DATA IN THIS EXERCISE -
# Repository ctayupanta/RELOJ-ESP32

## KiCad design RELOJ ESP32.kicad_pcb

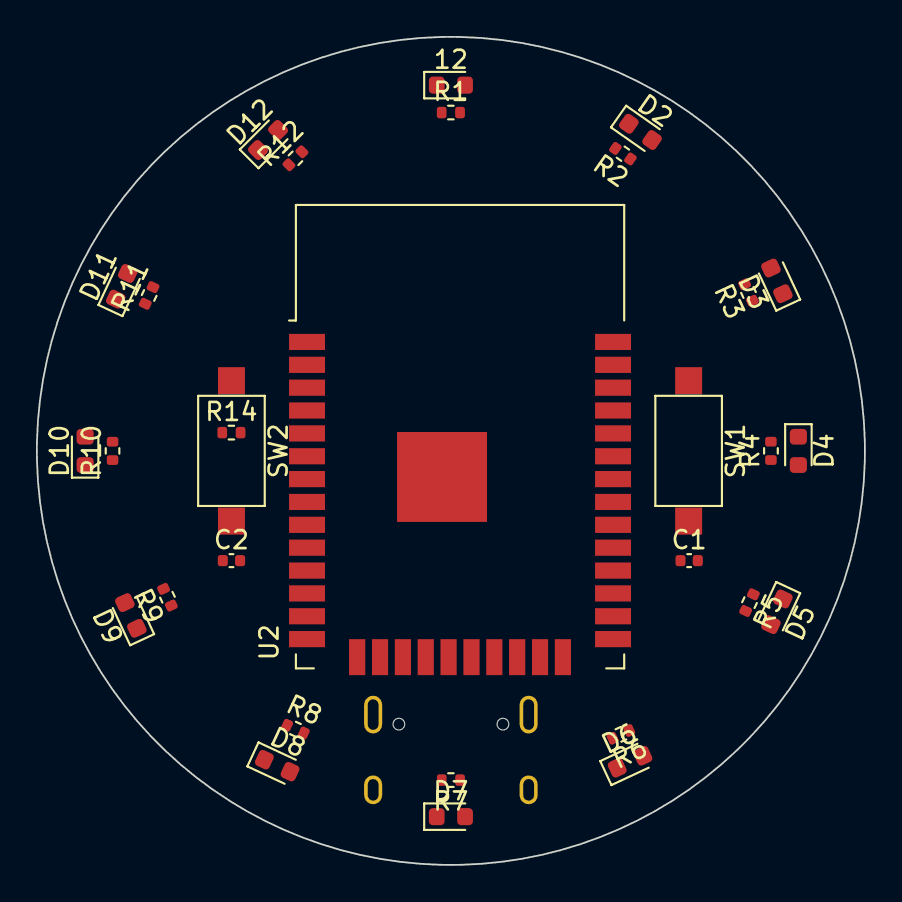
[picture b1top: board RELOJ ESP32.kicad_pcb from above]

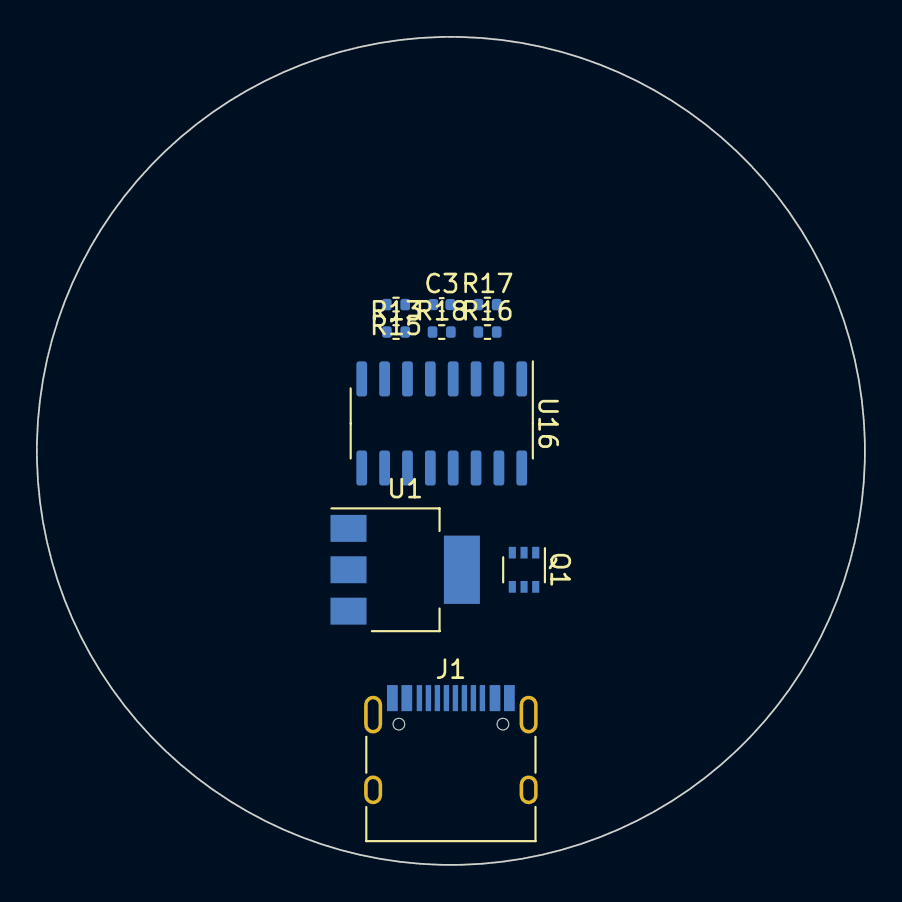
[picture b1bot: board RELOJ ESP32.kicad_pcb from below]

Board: 2 copper layers, 46.0 x 46.0 mm, 40 parts (10 on the bottom side), 37 nets, no tracks yet.

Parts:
12: LED; LED_0603_1608Metric
C1: 10uf; C_0402_1005Metric
C2: 100nf; C_0402_1005Metric
C3: 100nF; C_0402_1005Metric
D2, D3, D4, D5, D6, D7, D8, D9, D10, D11, D12: LED; LED_0603_1608Metric
J1: USB_C_Receptacle_USB2.0; USB_C_Receptacle_HRO_TYPE-C-31-M-12
Q1: PMBT3904YS; SOT-363_SC-70-6
R1, R2, R3, R4, R5, R6, R7, R8, R9, R10, R11, R12: R; R_0402_1005Metric
R13, R15, R16, R17, R18: 1k; R_0402_1005Metric
R14: 10k; R_0402_1005Metric
SW1, SW2: SW_Push; SW_SPST_CK_RS282G05A3
U1: LD1117S33TR_SOT223; SOT-223-3_TabPin2
U2: ESP32-WROOM-32D; ESP32-WROOM-32
U16: CH340C; SOIC-16_3.9x9.9mm_P1.27mm

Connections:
3.3v: C2.1, U1.2 (VO), U2.2 (VDD)
5v: C1.1, J1.A4 (VBUS), J1.A9 (VBUS), J1.B4 (VBUS), J1.B9 (VBUS), U1.3 (VI), U16.16 (VCC)
-5v: C1.2, C2.2, U1.1 (GND)
D+: J1.A6 (D+), U16.5 (UD+)
D-: J1.A7 (D-), U16.6 (UD-)
DTR: Q1.1 (E1), R15.1, U16.13 (~DTR)
EN: Q1.4 (E2), R14.1, SW1.2, U2.3 (EN)
GND: C3.1, J1.A1 (GND), J1.A12 (GND), J1.B1 (GND), J1.B12 (GND), J1.S1 (SHIELD), R1.1, R2.1, R3.1, R4.1, R5.1, R6.1, R7.1, R8.1, R9.1, R10.1, R11.1, R12.1, SW1.1, SW2.1, U2.1 (GND), U2.15 (GND), U2.38 (GND), U2.39 (GND), U16.1 (GND)
IO0: Q1.6 (C1), R13.2, SW2.2, U2.25 (IO0)
IO5: 12.2 (A), U2.29 (IO5)
IO12: D2.2 (A), U2.14 (IO12)
IO13: D3.2 (A), U2.16 (IO13)
IO14: D4.2 (A), U2.13 (IO14)
IO15: D5.2 (A), U2.23 (IO15)
IO16: D6.2 (A), U2.27 (IO16)
IO17: D7.2 (A), U2.28 (IO17)
IO18: D8.2 (A), U2.30 (IO18)
IO19: D9.2 (A), U2.31 (IO19)
IO21: D10.2 (A), U2.33 (IO21)
IO22: D11.2 (A), U2.36 (IO22)
IO23: D12.2 (A), U2.37 (IO23)
unnamed: 12.1 (K), R1.2
unnamed: D2.1 (K), R2.2
unnamed: D3.1 (K), R3.2
unnamed: D4.1 (K), R4.2
unnamed: D5.1 (K), R5.2
unnamed: D6.1 (K), R6.2
unnamed: D7.1 (K), R7.2
unnamed: D8.1 (K), R8.2
unnamed: D9.1 (K), R9.2
unnamed: D10.1 (K), R10.2
unnamed: D11.1 (K), R11.2
unnamed: D12.1 (K), R12.2
unnamed: Q1.2 (B1), R16.2
unnamed: Q1.5 (B2), R15.2
RTS: Q1.3 (C2), R16.1, U16.14 (~RTS)
VCC: R13.1, R14.2

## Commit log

2022-09-10 Reloj Esp

THE PROBLEM -
Look above for the line containing "3.3v: C2.1, U1.2 (VO), U2.2 (VDD)" and the line containing "EN: Q1.4 (E2), R14.1, SW1.2, U2.3 (EN)". Transcribe both, with the lines between them, exactly.

SOLUTION -
3.3v: C2.1, U1.2 (VO), U2.2 (VDD)
5v: C1.1, J1.A4 (VBUS), J1.A9 (VBUS), J1.B4 (VBUS), J1.B9 (VBUS), U1.3 (VI), U16.16 (VCC)
-5v: C1.2, C2.2, U1.1 (GND)
D+: J1.A6 (D+), U16.5 (UD+)
D-: J1.A7 (D-), U16.6 (UD-)
DTR: Q1.1 (E1), R15.1, U16.13 (~DTR)
EN: Q1.4 (E2), R14.1, SW1.2, U2.3 (EN)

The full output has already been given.